James’s hand closed over her shoulder. “How are you, Sorcha? Is all well?”
She tilted her head to smile up at her brother. “Very well indeed.”
“Is aught amiss?”
“No,” she lied. “Nothing at all.”
Alan’s blue gaze locked with hers.
Moira clapped her hands, breaking the sudden tension. “Well, then. Perhaps you will help me take out Alan’s sutures, James?”
“Aye,” James murmured, but his fingers tightened over Sorcha’s shoulder before he removed them.
Moira directed Alan to the bedroom and instructed him to lean over the mattress so she could pluck his stitches. Sorcha couldn’t watch. Hurt, upset, and guilt twisted through her, making a painful knot rise in her gorge.
Alan might go to war. He could be killed by the English, or worse, captured and convicted as a traitor, hanged, disemboweled and cut into pieces . . .
Blinking back tears, she stared at the simmering hearth, listening to Moira’s soft commands and James’s responses in the other room. Charles wandered back outside, probably to rejoin the animals. He always had a fondness for horses, and Alan owned two of them, beautiful bays brought from England.
They finished in short order, and with a final tight hug between the sisters, Moira and James left.
When they were gone, all was silent for a long moment. A bird called outside, and a gentle breeze rustled the grass. She heard the soft sounds of material as Alan donned his shirt and pinned his plaid.
“Can you walk on it, then?” Alan finally asked. Sorcha looked up from her embroidery to see him leaning casually against the partition separating the rooms of the cottage, and her breath stalled in her throat.
“Aye.”
“Would you like to go outside with me?”
Dropping the shawl she was embroidering in her lap, Sorcha blinked. “Really?”
Goodness, she sounded like an overeager child. She couldn’t help it, though. Her heart surged with hope.
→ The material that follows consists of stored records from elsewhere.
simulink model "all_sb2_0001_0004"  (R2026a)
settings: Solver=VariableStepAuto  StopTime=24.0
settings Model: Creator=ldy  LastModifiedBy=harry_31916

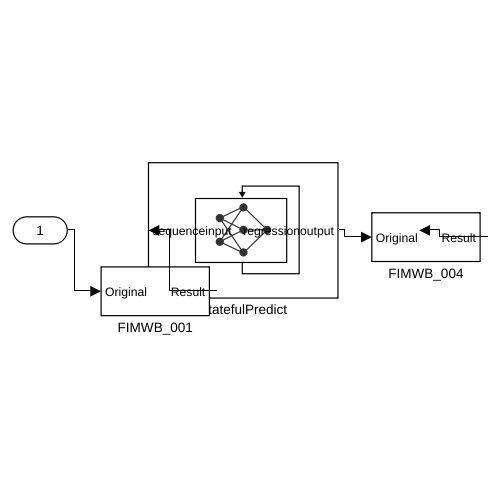
[thumbnail: Simulink's stored preview of the top-level diagram]
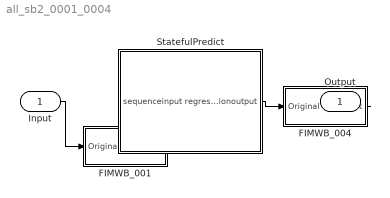
== system all_sb2_0001_0004 ==
  Input : Inport
  FIMWB_001 : Subsystem  Tag=fimwb.fault.1
  FIMWB_004 : Subsystem  Tag=fimwb.fault.4
  StatefulPredict : Subsystem  mask(Stateful Predict){Network=Network from MAT-file, NetworkFunction=untitled, NetworkFilePath=phi2_m1_vr01_k2_2.mat, SimulateUsing=Auto mode, InputDataFormats={'',''}, SampleTime=1, ForceInterpretedSim=off, EnableDLNetwork=on, LastKnownNetworkFilePath='', LastKnownNetworkTimeStamp=''}
      mask prompts: Network "deep_blocks:common:Network"; NetworkFunction "deep_blocks:common:MatlabFunction"; NetworkFilePath "deep_blocks:common:FilePath"; SimulateUsing "Simulate using:"; InputDataFormats "deep_blocks:predict:InputDataFormats"; SampleTime "deep_blocks:common:SampleTime"; ForceInterpretedSim "deep_blocks:common:ForceInterpretedSim"
      mask help: deep_blocks:stateful:PredictDescription
      mask init:
      | deep.blocks.internal.configureSequenceNetworkPredict(...
      |     gcb, ...
      |     bdroot, ...
      |     Network, ...
      |     NetworkFilePath, ...
      |     NetworkFunction, ...
      |     InputDataFormats, ...
      |     logical(ForceInterpretedSim), ...
      |     SimulateUsing);
      mask Help: helpview('deeplearning', 'nnet_stateful_predict')
      mask TypeOptions Network: deep_blocks:common:NetworkFromMatFile | deep_blocks:common:NetworkFromFunction
      mask Callback Network:
      | deep.blocks.internal.setNetworkSelectVisibility(gcb);
      | deep.blocks.internal.setDlNetworkOptionsVisibility(gcb);
      mask Callback NetworkFunction: deep.blocks.internal.setDlNetworkOptionsVisibility(gcb);
      mask Callback NetworkFilePath: deep.blocks.internal.setDlNetworkOptionsVisibility(gcb);
      mask TypeOptions SimulateUsing: deep_blocks:common:SimModeAuto | deep_blocks:common:SimModeInterpreted | deep_blocks:common:SimModeCodegen
      mask DialogControl Network Prompt: Network:
      mask DialogControl NetworkFunction Prompt: MATLAB function:
      mask DialogControl NetworkFilePath Prompt: File path:
      mask DialogControl BrowseButton Prompt: deep_blocks:common:Browse
      mask DialogControl BrowseButton Callback: deep.blocks.internal.handleBrowseButtonClick(gcb);
      mask DialogControl SimulateUsing Tooltip: deep_blocks:common:SimModeTooltip
      mask DialogControl InputDataFormats Prompt: Input data formats:
      mask DialogControl SampleTime Prompt: Sample time (-1 for inherited):
      mask DialogControl HiddenContainer Prompt: Hidden Parameters
      mask DialogControl ForceInterpretedSim Prompt: Force interpreted simulation
  Output : Outport
  wires:
  Input/1 -> FIMWB_001/1(Original)
  FIMWB_001/1(Result) -> StatefulPredict/1(sequenceinput)
  StatefulPredict/1(regressionoutput) -> FIMWB_004/1(Original)
  FIMWB_004/1(Result) -> Output/1

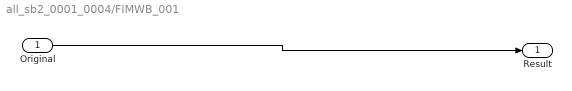
== system all_sb2_0001_0004/FIMWB_001 ==
  Original : Inport
  Result : Outport
  wires:
  Original/1 -> Result/1

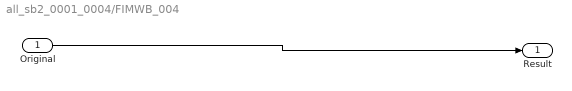
== system all_sb2_0001_0004/FIMWB_004 ==
  Original : Inport
  Result : Outport
  wires:
  Original/1 -> Result/1

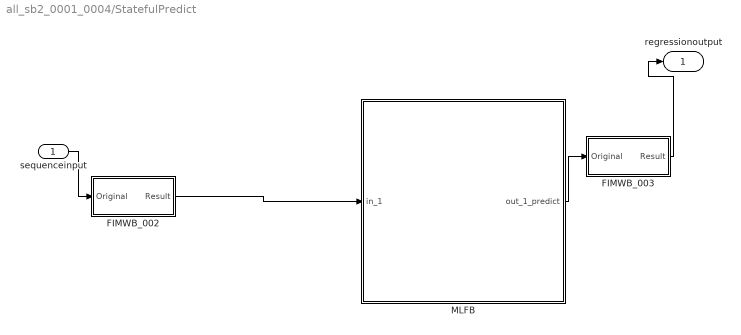
== system all_sb2_0001_0004/StatefulPredict ==
  sequenceinput : Inport
  FIMWB_002 : Subsystem  Tag=fimwb.fault.2
  FIMWB_003 : Subsystem  Tag=fimwb.fault.3
  MLFB : MATLAB Function  TreatAsAtomicUnit=on
  regressionoutput : Outport
  wires:
  sequenceinput/1 -> FIMWB_002/1(Original)
  FIMWB_002/1(Result) -> MLFB/1(in_1)
  MLFB/1(out_1_predict) -> FIMWB_003/1(Original)
  FIMWB_003/1(Result) -> regressionoutput/1

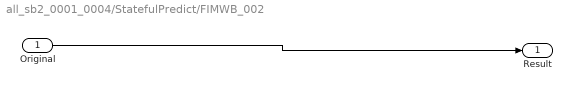
== system all_sb2_0001_0004/StatefulPredict/FIMWB_002 ==
  Original : Inport
  Result : Outport
  wires:
  Original/1 -> Result/1

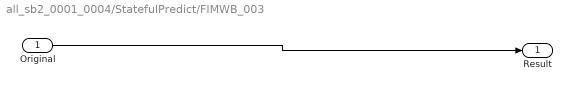
== system all_sb2_0001_0004/StatefulPredict/FIMWB_003 ==
  Original : Inport
  Result : Outport
  wires:
  Original/1 -> Result/1

== matlab function all_sb2_0001_0004/StatefulPredict/MLFB ==
  settings: updateMethod=DISCRETE  sampleTime=1
  data: in_1 input; out_1_predict output
function out_1_predict  = sequenceNetworkPredict( in_1 )
isSim = coder.target('sfun');
simSupported = false;
useExtrinsic = isSim && ~simSupported;
[out_1_predict] = deep.blocks.internal.sequenceNetworkPredict({in_1}, {size(in_1)}, {class(in_1)}, coder.const("all_sb2_0001_0004/StatefulPredict"), 'phi2_m1_vr01_k2_2.mat', useExtrinsic, false, 1, {''});
end

Alan didn’t smile. He just held out his hand to her. She set the shawl aside and allowed him to help her from the chair.
She went to her chest and removed a pair of stockings. She rolled them on, ignoring the uncomfortable way they pulled on her scabs. Then she slipped on her shoes and tied on her kertch.
Alan grasped her elbow as they walked outside. Fresh, cool air hit Sorcha’s face, and she swallowed a moan of delight.
Alan glanced at her, his cool, impenetrable mask firmly in place. “You enjoy the outdoors?”
“I’m always most at home when I’m outside.”
He took a deep breath. From the corner of her eye, Sorcha watched his broad chest rise and fall. “I prefer the outdoors as well.”
Arm in arm, they strolled down the path. About a hundred feet from the door, it branched off in two directions. One fork led to the road to Glenfinnan, and the other to the loch. She paused. “Which way?”
“The loch. I don’t think you could travel as far as the village. Not yet, in any case.”
It was true—Glenfinnan was more than three miles away. Perhaps tomorrow.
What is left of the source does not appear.